The Baphuon was the largest temple of its time, and only Angkor Wat, built in the following century, would surpass it. It was surmounted by what was described as a “bronze tower” by the Chinese diplomat Zhou Daguan, who visited Angkor at the end of the 13th century.

“It’s a very important temple in the history of Khmer art,” said Son Soubert, a member of the Consti­tutional Council and a professor of archaeology at the Royal Uni­ver­sity of Phnom Penh. “There is a style that bears its name—the Baph­uon Style —and sculptures from that period are very distinctive.”

The mountain temple—which these days stands at 34.8 meters high, and no longer holds the bronze tower—went through a major reshaping project, probably toward the end of the 15th century, Royere said.
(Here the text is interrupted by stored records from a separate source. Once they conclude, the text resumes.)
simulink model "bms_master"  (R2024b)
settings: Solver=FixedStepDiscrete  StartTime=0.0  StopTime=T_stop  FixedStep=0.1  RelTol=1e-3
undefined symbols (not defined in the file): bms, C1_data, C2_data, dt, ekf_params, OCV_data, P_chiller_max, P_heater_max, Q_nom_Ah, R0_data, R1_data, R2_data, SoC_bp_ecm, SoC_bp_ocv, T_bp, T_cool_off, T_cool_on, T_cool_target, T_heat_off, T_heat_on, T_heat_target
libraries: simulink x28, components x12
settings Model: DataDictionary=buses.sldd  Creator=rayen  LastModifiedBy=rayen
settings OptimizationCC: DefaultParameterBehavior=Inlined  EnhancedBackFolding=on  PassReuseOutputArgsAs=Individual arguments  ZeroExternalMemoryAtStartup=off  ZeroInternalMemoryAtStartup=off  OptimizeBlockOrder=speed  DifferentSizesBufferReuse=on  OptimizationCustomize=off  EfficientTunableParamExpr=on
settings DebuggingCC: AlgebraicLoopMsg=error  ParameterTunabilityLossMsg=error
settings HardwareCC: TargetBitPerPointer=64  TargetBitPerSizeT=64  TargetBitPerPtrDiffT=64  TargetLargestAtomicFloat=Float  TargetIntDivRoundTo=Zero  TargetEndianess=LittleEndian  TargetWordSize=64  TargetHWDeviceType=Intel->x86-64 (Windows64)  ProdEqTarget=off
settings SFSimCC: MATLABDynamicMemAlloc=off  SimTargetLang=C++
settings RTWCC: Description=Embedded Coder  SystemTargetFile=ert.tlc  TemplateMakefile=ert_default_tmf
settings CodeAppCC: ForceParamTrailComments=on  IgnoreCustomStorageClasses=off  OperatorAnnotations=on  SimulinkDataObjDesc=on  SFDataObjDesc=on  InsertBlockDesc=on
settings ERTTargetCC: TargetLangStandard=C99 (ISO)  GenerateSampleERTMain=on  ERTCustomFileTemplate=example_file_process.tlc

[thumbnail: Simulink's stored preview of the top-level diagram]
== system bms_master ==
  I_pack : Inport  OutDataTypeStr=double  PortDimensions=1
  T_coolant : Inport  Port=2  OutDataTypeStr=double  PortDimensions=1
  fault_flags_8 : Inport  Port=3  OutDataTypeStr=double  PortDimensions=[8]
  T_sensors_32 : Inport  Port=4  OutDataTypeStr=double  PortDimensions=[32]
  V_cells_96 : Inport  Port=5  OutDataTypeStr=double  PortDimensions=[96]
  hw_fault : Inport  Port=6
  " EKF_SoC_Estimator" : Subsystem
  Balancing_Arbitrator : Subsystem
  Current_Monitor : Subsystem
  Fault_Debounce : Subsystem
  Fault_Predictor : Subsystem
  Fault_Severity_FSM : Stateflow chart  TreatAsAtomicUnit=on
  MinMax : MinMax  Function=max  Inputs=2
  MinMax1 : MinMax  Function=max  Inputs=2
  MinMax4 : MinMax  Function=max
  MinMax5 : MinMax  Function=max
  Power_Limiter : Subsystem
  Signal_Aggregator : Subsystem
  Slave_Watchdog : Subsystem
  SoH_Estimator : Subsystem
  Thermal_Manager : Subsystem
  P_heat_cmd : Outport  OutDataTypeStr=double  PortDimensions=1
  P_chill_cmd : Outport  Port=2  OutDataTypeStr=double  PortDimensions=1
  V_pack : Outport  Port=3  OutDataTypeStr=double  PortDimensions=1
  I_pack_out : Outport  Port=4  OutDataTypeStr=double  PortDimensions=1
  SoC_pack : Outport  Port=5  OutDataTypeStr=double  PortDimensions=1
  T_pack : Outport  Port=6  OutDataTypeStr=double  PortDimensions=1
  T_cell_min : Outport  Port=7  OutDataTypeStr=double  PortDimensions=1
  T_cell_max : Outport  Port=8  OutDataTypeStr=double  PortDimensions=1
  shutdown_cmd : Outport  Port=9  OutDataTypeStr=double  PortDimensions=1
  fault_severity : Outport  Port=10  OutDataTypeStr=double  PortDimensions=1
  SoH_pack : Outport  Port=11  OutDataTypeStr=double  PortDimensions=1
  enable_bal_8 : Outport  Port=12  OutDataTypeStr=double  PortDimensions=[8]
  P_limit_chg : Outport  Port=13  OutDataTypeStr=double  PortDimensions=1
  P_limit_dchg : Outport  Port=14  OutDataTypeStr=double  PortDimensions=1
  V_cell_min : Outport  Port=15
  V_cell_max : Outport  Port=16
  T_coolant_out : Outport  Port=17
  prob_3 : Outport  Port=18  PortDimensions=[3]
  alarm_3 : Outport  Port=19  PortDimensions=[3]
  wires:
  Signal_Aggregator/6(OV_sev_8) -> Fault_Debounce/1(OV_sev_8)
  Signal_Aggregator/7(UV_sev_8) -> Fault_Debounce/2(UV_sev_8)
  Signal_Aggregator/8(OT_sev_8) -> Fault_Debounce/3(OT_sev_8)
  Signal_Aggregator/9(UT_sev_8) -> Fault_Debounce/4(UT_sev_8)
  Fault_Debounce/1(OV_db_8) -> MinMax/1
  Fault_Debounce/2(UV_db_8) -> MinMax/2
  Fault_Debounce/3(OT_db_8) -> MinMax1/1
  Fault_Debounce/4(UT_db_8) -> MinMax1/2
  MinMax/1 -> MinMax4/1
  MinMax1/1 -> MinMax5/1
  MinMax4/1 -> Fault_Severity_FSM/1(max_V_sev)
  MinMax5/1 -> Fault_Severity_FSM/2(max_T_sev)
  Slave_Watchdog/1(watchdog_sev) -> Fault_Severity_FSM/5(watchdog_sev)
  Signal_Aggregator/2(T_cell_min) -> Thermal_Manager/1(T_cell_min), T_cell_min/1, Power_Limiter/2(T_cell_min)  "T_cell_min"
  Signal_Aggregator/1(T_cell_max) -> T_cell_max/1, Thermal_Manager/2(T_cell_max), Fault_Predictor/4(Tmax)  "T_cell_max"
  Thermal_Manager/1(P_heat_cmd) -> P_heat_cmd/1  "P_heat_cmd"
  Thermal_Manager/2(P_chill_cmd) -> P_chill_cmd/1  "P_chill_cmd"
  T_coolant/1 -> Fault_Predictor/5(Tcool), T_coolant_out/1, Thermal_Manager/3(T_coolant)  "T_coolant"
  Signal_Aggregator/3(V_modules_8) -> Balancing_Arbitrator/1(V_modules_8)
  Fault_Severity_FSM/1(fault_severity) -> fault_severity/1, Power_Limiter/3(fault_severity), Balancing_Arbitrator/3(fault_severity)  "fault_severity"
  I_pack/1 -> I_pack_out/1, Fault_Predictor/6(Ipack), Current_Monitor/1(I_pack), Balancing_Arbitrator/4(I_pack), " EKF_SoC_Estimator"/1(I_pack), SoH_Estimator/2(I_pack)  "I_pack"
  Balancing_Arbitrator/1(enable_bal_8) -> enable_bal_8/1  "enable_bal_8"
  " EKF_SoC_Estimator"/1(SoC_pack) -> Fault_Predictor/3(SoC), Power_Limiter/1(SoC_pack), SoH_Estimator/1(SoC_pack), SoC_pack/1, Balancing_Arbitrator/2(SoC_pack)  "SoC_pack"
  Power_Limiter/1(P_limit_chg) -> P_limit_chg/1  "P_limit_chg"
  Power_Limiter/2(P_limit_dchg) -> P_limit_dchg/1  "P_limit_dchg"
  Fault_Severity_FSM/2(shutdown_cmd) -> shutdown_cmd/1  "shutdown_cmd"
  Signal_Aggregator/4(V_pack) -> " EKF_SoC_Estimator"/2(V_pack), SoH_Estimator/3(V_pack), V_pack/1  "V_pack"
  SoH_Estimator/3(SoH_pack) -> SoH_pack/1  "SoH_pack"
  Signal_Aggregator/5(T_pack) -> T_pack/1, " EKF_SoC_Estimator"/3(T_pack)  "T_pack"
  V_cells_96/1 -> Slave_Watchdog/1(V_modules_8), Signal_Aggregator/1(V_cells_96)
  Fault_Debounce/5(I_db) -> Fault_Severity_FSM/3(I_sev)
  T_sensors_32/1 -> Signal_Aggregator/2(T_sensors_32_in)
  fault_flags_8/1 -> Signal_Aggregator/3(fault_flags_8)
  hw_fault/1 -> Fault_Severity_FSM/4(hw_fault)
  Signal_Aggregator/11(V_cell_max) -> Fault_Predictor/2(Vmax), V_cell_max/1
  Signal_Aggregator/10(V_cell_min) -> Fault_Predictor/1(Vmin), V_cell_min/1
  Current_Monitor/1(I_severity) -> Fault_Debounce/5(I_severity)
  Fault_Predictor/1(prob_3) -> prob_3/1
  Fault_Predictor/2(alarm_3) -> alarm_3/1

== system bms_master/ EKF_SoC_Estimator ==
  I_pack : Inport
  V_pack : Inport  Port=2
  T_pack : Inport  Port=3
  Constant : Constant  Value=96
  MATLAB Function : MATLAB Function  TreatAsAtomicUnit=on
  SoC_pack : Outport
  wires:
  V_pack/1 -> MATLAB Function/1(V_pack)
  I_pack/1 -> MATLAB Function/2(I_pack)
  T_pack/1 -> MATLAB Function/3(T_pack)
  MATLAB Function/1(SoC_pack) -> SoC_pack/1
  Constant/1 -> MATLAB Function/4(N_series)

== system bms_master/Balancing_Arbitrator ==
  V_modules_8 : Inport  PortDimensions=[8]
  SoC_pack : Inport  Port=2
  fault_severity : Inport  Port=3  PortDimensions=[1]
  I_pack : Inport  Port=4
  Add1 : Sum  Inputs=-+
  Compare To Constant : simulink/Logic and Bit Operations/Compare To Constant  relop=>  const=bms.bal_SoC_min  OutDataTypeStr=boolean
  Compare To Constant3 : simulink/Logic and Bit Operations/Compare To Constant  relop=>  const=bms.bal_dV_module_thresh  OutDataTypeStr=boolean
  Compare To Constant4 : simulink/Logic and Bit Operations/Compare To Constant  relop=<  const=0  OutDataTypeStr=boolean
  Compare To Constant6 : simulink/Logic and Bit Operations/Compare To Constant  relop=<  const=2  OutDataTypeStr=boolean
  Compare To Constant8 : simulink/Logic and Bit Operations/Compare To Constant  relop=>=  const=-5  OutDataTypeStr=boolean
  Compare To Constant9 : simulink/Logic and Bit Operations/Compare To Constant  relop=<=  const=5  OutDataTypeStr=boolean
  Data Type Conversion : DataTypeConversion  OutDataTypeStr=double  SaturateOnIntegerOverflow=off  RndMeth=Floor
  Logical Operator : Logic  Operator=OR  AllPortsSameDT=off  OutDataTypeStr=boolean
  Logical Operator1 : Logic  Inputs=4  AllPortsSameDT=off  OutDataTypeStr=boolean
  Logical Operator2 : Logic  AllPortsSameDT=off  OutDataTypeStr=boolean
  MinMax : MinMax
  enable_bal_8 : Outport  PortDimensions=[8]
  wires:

Originally built as a Hindu monument dedicated to Shiva, it was converted into a Buddha temple in a spectacular way. A reclining Buddha was built on the second level of the west side.

The sculpture is nearly 9 meters high and stretches over 70 meters and was created by demolishing some sections of the temple so that workers could use the loosened stones to carve the Buddha. This is probably how the 8-meter bronze tower on top of the monument vanished, said Royere.

This Buddha aggravated a problem that had afflicted the monument from the start, he said. The three-tier pyramid had been erected using sand as a filler. This was a technique that Angkor builders had used successfully in the past, Royere said. But the Baphuon—which at ground level is 130-meters long by 104-meters wide—was the largest structure built up until that point in time.

“With it, they reached the limits of what the technique could handle, and ended up creating one of Angkor’s biggest, but also most fragile, monuments,” said Royere.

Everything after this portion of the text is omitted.